::: DATA SHOWN :::

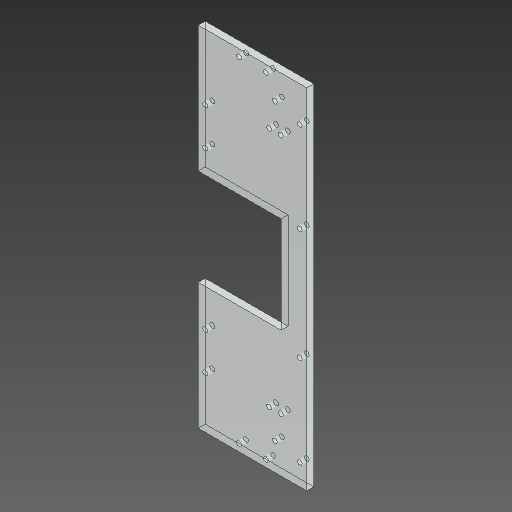
# Autodesk Inventor part: AdaptivePrintedLid
Saved by Autodesk Inventor 2021 (Build 250183000, 183)
## iProperties
Created: 2021-03-30
Part Number: AdaptivePrintedLid
Material: PBT Plastic
Document SubType Name: Modeling
Designer: Esketitttttt
Density: 1.31 g/cm^3
Appearance: Clear
Mass: 25.1744 g
Surface Area: 140.518 cm^2
Volume: 19.2171 cm^3
Author: Esketitttttt
Autodesk Inventor part; units mm, degrees
ref_plane "YZ Plane" through (0, 0, 0) normal (1, 0, 0) x (0, 1, 0)
ref_plane "XZ Plane" through (0, 0, 0) normal (0, 1, 0) x (-1, 0, 0)
ref_plane "Work Plane1" through (0, -4.7625, 0) normal (0, 0, 1) x (1, 0, 0)
sketch "Sketch1" plane through (0, -4.7625, 0) normal (0, 0, 1) x (1, 0, 0)
  circle A0 centre (-41.9763, 52.4978) radius 0.762 construction
  circle A1 centre (0.7937, 25.2604) radius 0.762 construction
  circle A2 centre (-41.9763, -52.4978) radius 0.762 construction
  circle A3 centre (0.7937, -66.2561) radius 0.762 construction
  circle A4 centre (0.7937, 66.2561) radius 0.762 construction
  circle A5 centre (0.7937, -25.2604) radius 0.762 construction
  circle A6 centre (-26.6613, 78.9561) radius 0.762 construction
  circle A7 centre (-26.6613, -72.6061) radius 0.762 construction
  circle A8 centre (-14.5213, -72.6061) radius 0.762 construction
  circle A9 centre (-14.5213, 78.9561) radius 0.762 construction
  line L0 (3.9687, -75.7811) -> (3.9687, 82.1311) projected
  line L1 (3.9687, 82.1311) -> (-45.1513, 82.1311) projected
  line L2 (-45.1513, 24.9811) -> (-45.1513, 82.1311) projected
  line L3 (-38.8013, 24.9811) -> (-45.1513, 24.9811) projected
  line L4 (-38.8013, 75.7811) -> (-38.8013, 24.9811) projected
  line L5 (-2.3813, 75.7811) -> (-38.8013, 75.7811) projected
  line L6 (-2.3813, 75.7811) -> (-2.3813, -69.4311) projected
  line L7 (-38.8013, -69.4311) -> (-2.3813, -69.4311) projected
  line L8 (-38.8013, -18.6311) -> (-38.8013, -69.4311) projected
  line L9 (-45.1513, -18.6311) -> (-38.8013, -18.6311) projected
  line L10 (-45.1513, -75.7811) -> (-45.1513, -18.6311) projected
  line L11 (3.9687, -75.7811) -> (-45.1513, -75.7811) projected
  line L12 (-3.9684, 24.9811) -> (-7.6379, 24.9811) projected
  line L13 (-3.9684, -18.6311) -> (-7.6378, -18.6311) projected
  line L14 (-38.8013, 24.9811) -> (-7.6379, 24.9811)
  line L15 (-7.6379, 24.9811) -> (-7.6378, -18.6311)
  line L16 (-7.6378, -18.6311) -> (-38.8013, -18.6311)
  circle A10 centre (-7.7531, 57.7711) radius 0.8509 projected
  circle A11 centre (-10.4351, 69.7711) radius 0.8509 projected
  circle A12 centre (-7.7531, 57.7711) radius 0.8509 projected
  circle A13 centre (-13.1131, 57.7711) radius 0.8509 projected
  circle A14 centre (-7.7531, -51.4211) radius 0.8509 projected
  circle A15 centre (-10.431, -63.4211) radius 0.8509 projected
  circle A16 centre (-13.1131, -51.4211) radius 0.8509 projected
  circle A17 centre (0.7937, 66.2561) radius 1.0922
  circle A18 centre (0.7937, 25.2604) radius 1.0922
  circle A19 centre (0.7937, -25.2604) radius 1.0922
  circle A20 centre (0.7937, -66.2561) radius 1.0922
  circle A21 centre (-14.5213, -72.6061) radius 1.0922
  circle A22 centre (-26.6613, -72.6061) radius 1.0922
  circle A23 centre (-41.9763, 52.4978) radius 1.0922
  circle A24 centre (-26.6613, 78.9561) radius 1.0922
  circle A25 centre (-14.5213, 78.9561) radius 1.0922
  circle A26 centre (-41.9763, -52.4978) radius 1.0922
  circle A27 centre (-10.4351, 69.7711) radius 1.1049
  circle A28 centre (-7.7531, 57.7711) radius 1.1049
  circle A29 centre (-13.1131, 57.7711) radius 1.1049
  circle A30 centre (-13.1131, -51.4211) radius 1.1049
  circle A31 centre (-7.7531, -51.4211) radius 1.1049
  circle A32 centre (-10.431, -63.4211) radius 1.1049
  circle A33 centre (-41.9763, 35.5644) radius 0.762 projected
  circle A34 centre (-41.9763, -35.5644) radius 0.762 projected
  circle A35 centre (-41.9763, -35.5644) radius 1.0922
  circle A36 centre (-41.9763, 35.5644) radius 1.0922
  point P0 (0, 4.7625)
  point P1 (-41.1825, -37.1519)
  point P2 (-41.1825, 37.1519)
  dimension "o" = 0.3302
  dimension "d3" = 0.3302
  dimension "d4" = 0.3302
  dimension "d5" = 0.3302
  dimension "d6" = 0.3302
  dimension "d7" = 0.3302
  dimension "d11" = 0.3302
  dimension "d12" = 0.3302
  dimension "d13" = 0.3302
  dimension "d14" = 0.3302
  dimension "d15" = 0.254
  dimension "d16" = 0.254
  dimension "d17" = 0.254
  dimension "d18" = 0.254
  dimension "d19" = 0.254
  dimension "d20" = 0.254
  dimension "d21" = 0.3302
  dimension "d22" = 0.3302
  constraints: 18 centre point, 6 end point, 1 horizontal
  measures "o" radial gap between concentric circles of A4 A17
  measures "d3" radial gap between concentric circles of A1 A18
  measures "d4" radial gap between concentric circles of A5 A19
  measures "d5" radial gap between concentric circles of A3 A20
  measures "d6" radial gap between concentric circles of A8 A21
  measures "d7" radial gap between concentric circles of A7 A22
  measures "d11" radial gap between concentric circles of A0 A23
  measures "d12" radial gap between concentric circles of A6 A24
  measures "d13" radial gap between concentric circles of A9 A25
  measures "d14" radial gap between concentric circles of A2 A26
  measures "d15" radial gap between concentric circles of A11 A27
  measures "d16" radial gap between concentric circles of A10 A28
  measures "d17" radial gap between concentric circles of A13 A29
  measures "d18" radial gap between concentric circles of A16 A30
  measures "d19" radial gap between concentric circles of A14 A31
  measures "d20" radial gap between concentric circles of A15 A32
  measures "d21" radial gap between concentric circles of A34 A35
  measures "d22" radial gap between concentric circles of A33 A36
extrude "Extrusion1" add sketch "Sketch1" along normal blind 3.175 contours L11 L10 L9 L8 L7 L6 L5 L4 L3 L2 L1 L0 | L16 L15 L14 L4 L5 L6 L7 L8
equation "\"d3\" = o"
equation "\"d4\" = o"
equation "\"d5\" = o"
equation "\"d6\" = o"
equation "\"d7\" = o"
equation "\"d11\" = o"
equation "\"d12\" = o"
equation "\"d13\" = o"
equation "\"d14\" = o"
equation "\"d21\" = o"
equation "\"d22\" = o"
body "Solid1"

:::

Set down only the lines above that fall between the line holding "circle A5 centre" and the line holding "circle A12 centre", inclusive, keeping each exact.

  circle A5 centre (0.7937, -25.2604) radius 0.762 construction
  circle A6 centre (-26.6613, 78.9561) radius 0.762 construction
  circle A7 centre (-26.6613, -72.6061) radius 0.762 construction
  circle A8 centre (-14.5213, -72.6061) radius 0.762 construction
  circle A9 centre (-14.5213, 78.9561) radius 0.762 construction
  line L0 (3.9687, -75.7811) -> (3.9687, 82.1311) projected
  line L1 (3.9687, 82.1311) -> (-45.1513, 82.1311) projected
  line L2 (-45.1513, 24.9811) -> (-45.1513, 82.1311) projected
  line L3 (-38.8013, 24.9811) -> (-45.1513, 24.9811) projected
  line L4 (-38.8013, 75.7811) -> (-38.8013, 24.9811) projected
  line L5 (-2.3813, 75.7811) -> (-38.8013, 75.7811) projected
  line L6 (-2.3813, 75.7811) -> (-2.3813, -69.4311) projected
  line L7 (-38.8013, -69.4311) -> (-2.3813, -69.4311) projected
  line L8 (-38.8013, -18.6311) -> (-38.8013, -69.4311) projected
  line L9 (-45.1513, -18.6311) -> (-38.8013, -18.6311) projected
  line L10 (-45.1513, -75.7811) -> (-45.1513, -18.6311) projected
  line L11 (3.9687, -75.7811) -> (-45.1513, -75.7811) projected
  line L12 (-3.9684, 24.9811) -> (-7.6379, 24.9811) projected
  line L13 (-3.9684, -18.6311) -> (-7.6378, -18.6311) projected
  line L14 (-38.8013, 24.9811) -> (-7.6379, 24.9811)
  line L15 (-7.6379, 24.9811) -> (-7.6378, -18.6311)
  line L16 (-7.6378, -18.6311) -> (-38.8013, -18.6311)
  circle A10 centre (-7.7531, 57.7711) radius 0.8509 projected
  circle A11 centre (-10.4351, 69.7711) radius 0.8509 projected
  circle A12 centre (-7.7531, 57.7711) radius 0.8509 projected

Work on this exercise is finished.